Campaign finance reform is not the answer to all our problems, but it is the first step to finding one. If Sanders were to make this point clear, he might just convert a few skeptics. So far, he has focused on a promise to vet any candidates to the Supreme Court according to their willingness to overturn Citizens United. While laudable, Clinton has made the same promise. Despite the fact that this is yet another example of a promise to work on an issue she has avoided in the past and the fact that she depends on the system she now vows to destroy, her supporters trust her to keep it. That’s why Sanders should also be talking about his proposed constitutional amendment intended to end the doctrine that money spent to influence elections is protected speech.
The key to using this to build a movement is that as President, he could promote the idea of voting only for candidates who would support such an amendment, as suggested by Move to Amend, as well as other reforms like the American Anti-Corruption Act.
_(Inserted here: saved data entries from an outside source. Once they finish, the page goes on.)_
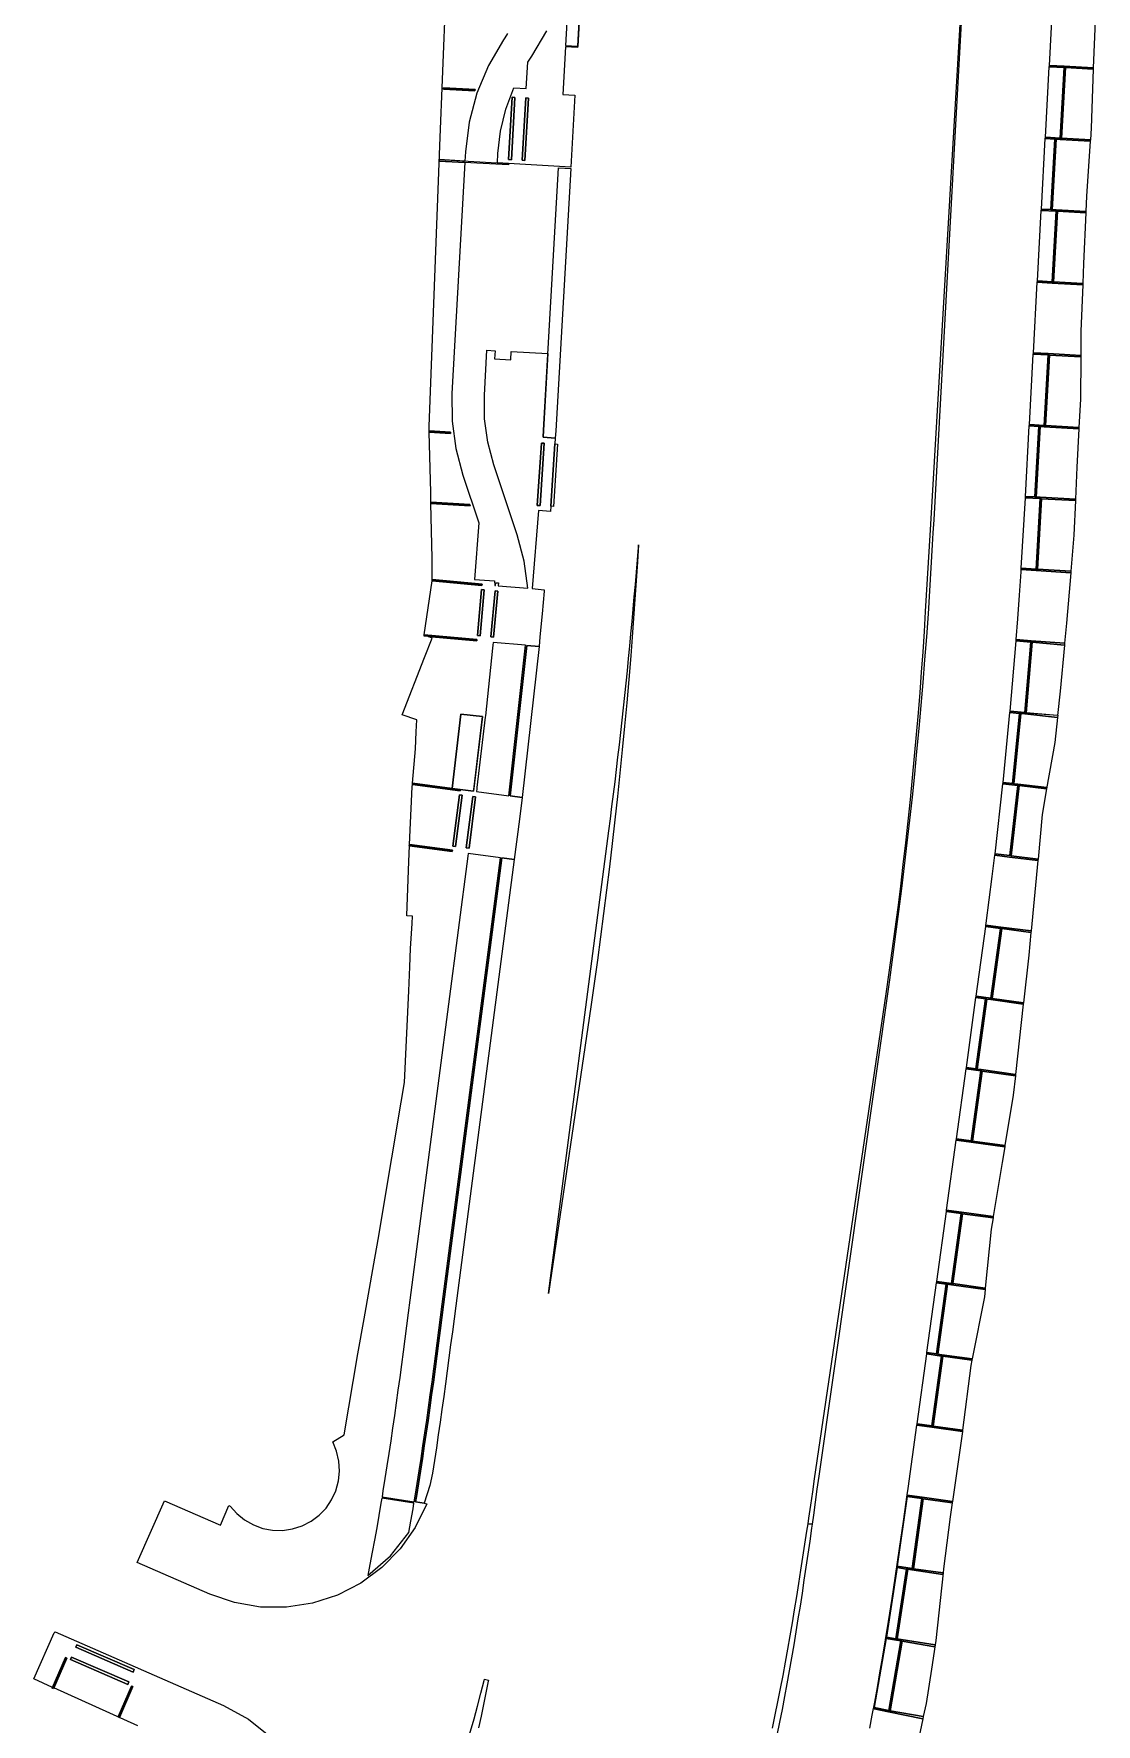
# Model space of a CAD drawing. Header units: metres. Extents: x 105146 to 106170, y 111783 to 118163.
# Drawn here: x 105650.5 to 105728.8, y 113830.5 to 113955.1 of the extents above; entities that cross this region are included whole.
import ezdxf

# ---------------------------------------------------------------- set-up
doc = ezdxf.new("R2010")
doc.units = ezdxf.units.M
doc.layers.add('20-EP-ZONA-DURA', color=253, linetype='CONTINUOUS', lineweight=13)
doc.layers.add('20-EP-ZONA-VERDE', color=84, linetype='CONTINUOUS', lineweight=13)

msp = doc.modelspace()

# ---------------------------------------------------------------- linework, layer by layer
at = {"layer": '20-EP-ZONA-DURA'}
for points in [[(105707.954, 113845.9402), (105707.8589, 113845.2621), (105707.5617, 113845.3037), (105707.6245, 113845.723), (105707.7672, 113846.6822), (105707.909, 113847.6419), (105708.0506, 113848.6005), (105713.3214, 113884.332), (105713.5514, 113885.9188), (105713.7737, 113887.5069), (105713.988, 113889.0962), (105714.1945, 113890.6864), (105714.3932, 113892.2777), (105714.5839, 113893.87), (105714.7667, 113895.4632), (105714.9416, 113897.0573), (105715.1086, 113898.6522), (105715.2677, 113900.2479), (105715.419, 113901.8443), (105715.5623, 113903.4416), (105715.6977, 113905.0395), (105715.817, 113906.5328), (105715.9294, 113908.0265), (105716.035, 113909.5207), (105716.1335, 113911.0154), (105716.2252, 113912.5103), (105716.5797, 113918.5204), (105720.0361, 113977.1163), (105718.317, 113946.1458), (105716.8237, 113919.2605), (105716.7701, 113918.3023), (105716.7206, 113917.4046), (105716.6228, 113915.7123), (105716.5173, 113914.0207), (105716.4042, 113912.3296), (105716.2834, 113910.639), (105716.155, 113908.9489), (105716.019, 113907.2595), (105715.8753, 113905.5706), (105715.7239, 113903.8825), (105715.565, 113902.195), (105715.3984, 113900.5083), (105715.2242, 113898.8224), (105715.0422, 113897.1371), (105714.8529, 113895.453), (105714.6558, 113893.7695), (105714.4511, 113892.087), (105714.2388, 113890.4055), (105714.0189, 113888.7249), (105713.7914, 113887.0453), (105713.5563, 113885.3665), (105708.3533, 113848.8169), (105708.3509, 113848.8008), (105708.2206, 113847.8572), (105708.0876, 113846.8987), (105707.954, 113845.9402)], [(105728.5925, 113953.1089), (105728.5734, 113952.5457), (105726.4409, 113952.6641), (105725.3427, 113952.7251), (105725.6311, 113957.9171), (105726.7293, 113957.8561), (105728.794, 113957.7413), (105728.5925, 113953.1089)], [(105728.4227, 113948.0991), (105728.3643, 113947.2491), (105726.2463, 113947.3666), (105726.5347, 113952.5586), (105728.5701, 113952.4457), (105728.4227, 113948.0991)], [(105680.6947, 113950.9727), (105683.0049, 113950.8409), (105683.0393, 113950.9389), (105680.7005, 113951.0725), (105680.6947, 113950.9727)], [(105685.5059, 113945.7905), (105685.7055, 113945.7791), (105685.9673, 113950.3717), (105685.7675, 113950.3831), (105685.5059, 113945.7905)], [(105686.7659, 113950.3261), (105686.5041, 113945.7337), (105686.7039, 113945.7223), (105686.9657, 113950.3149), (105686.7659, 113950.3261)], [(105728.0791, 113943.1039), (105728.0295, 113941.9595), (105725.8531, 113942.0803), (105725.5535, 113942.0969), (105725.8419, 113947.2889), (105726.1415, 113947.2723), (105728.3574, 113947.1493), (105728.0791, 113943.1039)], [(105727.8633, 113938.1225), (105727.8042, 113936.6639), (105725.6585, 113936.783), (105725.9469, 113941.975), (105728.0252, 113941.8595), (105727.8633, 113938.1225)], [(105727.6617, 113933.1459), (105727.6529, 113931.3641), (105725.2653, 113931.4967), (105724.1669, 113931.5577), (105724.4553, 113936.7497), (105725.5537, 113936.6887), (105727.8001, 113936.5639), (105727.6617, 113933.1459)], [(105727.6371, 113928.1365), (105727.5259, 113926.0629), (105725.0707, 113926.1993), (105725.3591, 113931.3913), (105727.6524, 113931.2639), (105727.6371, 113928.1365)], [(105727.3683, 113923.1231), (105727.2624, 113920.7693), (105724.6775, 113920.9131), (105724.378, 113920.9301), (105724.6663, 113926.1216), (105724.9659, 113926.1049), (105727.5206, 113925.9631), (105727.3683, 113923.1231)], [(105688.1165, 113924.8923), (105687.9169, 113924.9053), (105687.6175, 113920.3151), (105687.8171, 113920.3021), (105688.1165, 113924.8923)], [(105727.1429, 113918.1135), (105726.9239, 113915.4737), (105724.4699, 113915.6161), (105724.7709, 113920.8074), (105727.2576, 113920.6631), (105727.1429, 113918.1135)], [(105691.5496, 113883.3821), (105688.4358, 113862.2735), (105692.887, 113896.3309), (105693.0044, 113897.2366), (105693.1196, 113898.1426), (105693.2328, 113899.0489), (105693.3439, 113899.9554), (105693.453, 113900.8622), (105693.56, 113901.7692), (105693.6649, 113902.6765), (105693.7677, 113903.584), (105693.8685, 113904.4918), (105693.9672, 113905.3997), (105694.0638, 113906.3079), (105694.1584, 113907.2163), (105694.2508, 113908.125), (105694.3412, 113909.0338), (105694.4296, 113909.9428), (105694.5158, 113910.8521), (105694.6, 113911.7615), (105694.6821, 113912.6711), (105694.7621, 113913.581), (105694.8401, 113914.4909), (105694.916, 113915.4011), (105694.9898, 113916.3114), (105695.0615, 113917.2219), (105695.076, 113917.4114), (105694.9987, 113916.149), (105694.8853, 113914.4181), (105694.7642, 113912.6877), (105694.6355, 113910.9579), (105694.4993, 113909.2287), (105694.3555, 113907.5), (105694.2041, 113905.7721), (105694.0452, 113904.0448), (105693.8788, 113902.3183), (105693.7047, 113900.5924), (105693.5232, 113898.8673), (105693.334, 113897.1432), (105693.1374, 113895.4198), (105692.9331, 113893.6972), (105692.7214, 113891.9756), (105692.5021, 113890.2549), (105692.2753, 113888.5352), (105692.0409, 113886.8165), (105691.7991, 113885.0989), (105691.5496, 113883.3821)], [(105726.6053, 113911.6335), (105726.4703, 113910.1597), (105723.9949, 113910.3353), (105722.8995, 113910.4281), (105723.0156, 113911.965), (105723.1394, 113913.6959), (105723.2553, 113915.4273), (105723.2657, 113915.6001), (105724.3629, 113915.5223), (105726.9129, 113915.3413), (105726.6053, 113911.6335)], [(105683.1997, 113910.7259), (105683.3989, 113910.7075), (105683.7117, 113914.0931), (105683.5125, 113914.1115), (105683.1997, 113910.7259)], [(105684.5083, 113914.0195), (105684.1955, 113910.6339), (105684.3947, 113910.6155), (105684.7073, 113914.0011), (105684.5083, 113914.0195)], [(105684.3187, 113909.8079), (105683.7921, 113904.8103), (105683.7819, 113904.7195), (105683.1661, 113899.5391), (105683.1525, 113899.4319), (105683.1277, 113899.2319), (105685.5073, 113898.9231), (105686.7501, 113910.0085), (105684.3579, 113910.2171), (105684.3395, 113910.0179), (105684.3187, 113909.8079)], [(105726.1461, 113906.6219), (105725.955, 113904.8491), (105723.6465, 113905.0459), (105724.0857, 113910.2273), (105726.458, 113910.0261), (105726.1461, 113906.6219)], [(105725.1425, 113899.4407), (105725.1537, 113899.5401), (105723.0255, 113899.7801), (105722.7273, 113899.8137), (105723.2383, 113904.9843), (105723.5369, 113904.9547), (105725.9371, 113904.6829), (105725.7383, 113902.8387), (105725.1425, 113899.4407)], [(105725.1425, 113899.4407), (105724.8101, 113897.5447), (105724.5133, 113894.2641), (105722.5305, 113894.5018), (105723.1133, 113899.6695), (105725.1425, 113899.4407)], [(105682.0835, 113898.9643), (105681.8851, 113898.9899), (105681.3959, 113895.2217), (105681.5941, 113895.1959), (105682.0835, 113898.9643)], [(105682.8767, 113898.8611), (105682.3875, 113895.0929), (105682.5859, 113895.0671), (105683.0751, 113898.8355), (105682.8767, 113898.8611)], [(105676.1761, 113847.2893), (105678.5481, 113846.9225), (105678.6165, 113847.3349), (105678.7655, 113848.2601), (105678.9113, 113849.1879), (105679.0541, 113850.1183), (105679.1937, 113851.0513), (105679.3309, 113851.9869), (105679.4659, 113852.9249), (105679.5985, 113853.8653), (105679.7295, 113854.8081), (105679.8589, 113855.7533), (105679.9867, 113856.7009), (105680.1137, 113857.6507), (105680.2403, 113858.6059), (105680.3657, 113859.5591), (105680.4909, 113860.5143), (105680.6161, 113861.4719), (105684.9145, 113894.3613), (105682.5343, 113894.6703), (105682.5085, 113894.4721), (105678.2363, 113861.7829), (105678.1111, 113860.8261), (105677.9861, 113859.8721), (105677.8611, 113858.9211), (105677.7347, 113857.9673), (105677.6081, 113857.0205), (105677.4807, 113856.0767), (105677.3519, 113855.1359), (105677.2217, 113854.1981), (105677.0899, 113853.2633), (105676.9559, 113852.3317), (105676.8197, 113851.4033), (105676.6811, 113850.4781), (105676.5397, 113849.5559), (105676.3953, 113848.6373), (105676.2479, 113847.7219), (105676.1761, 113847.2893)], [(105724.5027, 113894.1498), (105723.9999, 113888.9719), (105721.7639, 113889.2557), (105720.6745, 113889.4055), (105720.6908, 113889.5295), (105720.9167, 113891.25), (105721.1347, 113892.9715), (105721.3279, 113894.5527), (105722.4185, 113894.4143), (105724.5027, 113894.1498)], [(105723.8253, 113887.1743), (105723.4358, 113883.6773), (105721.1405, 113883.9916), (105721.8489, 113889.1431), (105723.9879, 113888.8491), (105723.8253, 113887.1743)], [(105723.4244, 113883.5749), (105722.8485, 113878.4049), (105720.3157, 113878.7551), (105720.0185, 113878.7961), (105720.7305, 113883.9471), (105721.0277, 113883.9061), (105723.4244, 113883.5749)], [(105722.6783, 113876.8771), (105722.0738, 113873.1619), (105719.6885, 113873.4915), (105720.4005, 113878.6425), (105722.8374, 113878.3055), (105722.6783, 113876.8771)], [(105721.8709, 113871.9149), (105721.2081, 113867.9309), (105718.8641, 113868.2549), (105717.7745, 113868.4057), (105718.4865, 113873.5567), (105719.5763, 113873.4059), (105722.0577, 113873.0629), (105721.8709, 113871.9149)], [(105721.0553, 113867.0123), (105720.6198, 113862.6619), (105718.2369, 113862.9913), (105718.9491, 113868.1423), (105721.1917, 113867.8323), (105721.0553, 113867.0123)], [(105720.5553, 113862.0175), (105719.66, 113857.4441), (105717.4125, 113857.7549), (105717.1155, 113857.7959), (105717.8275, 113862.9469), (105718.1247, 113862.9059), (105720.6098, 113862.5623), (105720.5553, 113862.0175)], [(105719.5629, 113856.9483), (105718.9475, 113852.1921), (105716.7853, 113852.4911), (105717.4975, 113857.6421), (105719.6408, 113857.3459), (105719.5629, 113856.9483)], [(105678.5319, 113846.8237), (105676.1599, 113847.1905), (105676.0969, 113846.8099), (105675.9423, 113845.9013), (105675.7837, 113844.9963), (105675.6211, 113844.0947), (105675.4539, 113843.1969), (105675.2823, 113842.3029), (105675.1229, 113841.4977), (105676.7896, 113842.9352), (105678.1605, 113844.6571), (105678.3073, 113845.4929), (105678.4637, 113846.4125), (105678.5319, 113846.8237)], [(105717.5201, 113841.6837), (105715.3223, 113841.9924), (105716.0457, 113847.1419), (105718.1894, 113846.8407), (105718.0449, 113845.8215), (105717.5511, 113841.9709), (105717.5201, 113841.6837)], [(105717.5201, 113841.6837), (105716.9811, 113836.6931), (105716.9331, 113836.3857), (105714.4273, 113836.7665), (105714.1316, 113836.8178), (105714.9117, 113841.9524), (105715.2083, 113841.9073), (105717.5049, 113841.5585), (105717.5201, 113841.6837)], [(105653.6213, 113836.2089), (105657.8427, 113834.3811), (105657.9221, 113834.5647), (105653.7009, 113836.3923), (105653.6213, 113836.2089)], [(105716.9331, 113836.3857), (105716.6519, 113834.5839), (105716.2593, 113832.0679), (105716.0562, 113831.1041), (105713.6181, 113831.5278), (105714.5083, 113836.6509), (105716.9079, 113836.2339), (105716.9331, 113836.3857)], [(105657.5247, 113833.6469), (105653.3035, 113835.4747), (105653.2241, 113835.2911), (105657.4453, 113833.4635), (105657.5247, 113833.6469)], [(105656.7403, 113831.0801), (105656.8321, 113831.0403), (105657.8123, 113833.3045), (105657.7207, 113833.3443), (105656.7403, 113831.0801)]]:
    msp.add_lwpolyline(points, close=True, dxfattribs=at)
for points in [[(105685.4333, 113955.0626), (105685.2251, 113954.7489), (105685.1311, 113954.6119), (105684.0114, 113952.7118), (105683.1602, 113950.6773), (105682.5932, 113948.546), (105682.3209, 113946.3575), (105682.2827, 113945.6738), (105680.3989, 113945.7811), (105680.3931, 113945.6813), (105682.2771, 113945.5739), (105681.3291, 113928.5601), (105681.3439, 113926.5217), (105681.6146, 113924.5013), (105682.1369, 113922.5309), (105683.3085, 113919.02), (105682.9785, 113914.8637), (105684.4548, 113914.7466), (105684.4921, 113914.4227), (105684.5451, 113914.4177), (105684.5635, 113914.6169), (105684.7625, 113914.5985), (105684.7441, 113914.3993), (105686.9199, 113914.2095), (105686.6478, 113916.201), (105686.1311, 113918.1435), (105684.4135, 113923.2905), (105683.9686, 113924.969), (105683.7379, 113926.6901), (105683.7253, 113928.4265), (105683.9098, 113931.7373), (105684.5028, 113931.7058), (105684.4691, 113931.1141), (105685.6671, 113931.0459), (105685.7011, 113931.6422), (105688.3973, 113931.4989), (105688.0755, 113925.8527), (105688.0453, 113925.3279), (105688.9431, 113925.2631), (105688.916, 113924.8402), (105688.6166, 113920.25), (105688.5915, 113919.8747), (105687.6937, 113919.9393), (105687.2359, 113914.1821), (105688.1325, 113914.1039), (105688.1233, 113913.9982), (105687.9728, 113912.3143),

For those unfamiliar with the latter, it would address a variety of other ways that special interest money can influence politics, including putting limits on lobbying to include closing the revolving door (or at least significantly narrowing it). Keeping the need to address the corruption of the system in the forefront of American consciousness cannot but help the effort to get Americans to sustain pressure on Congress to put the needs of people over profit. The only way to advance any aspect of the progressive agenda is to first address the corruption that has created the problems in the first place.
The Sanders “revolution” is just the first phase of the kind of fundamental change in American politics that can put us back on the path toward true representative democracy. How far we go will be up to us.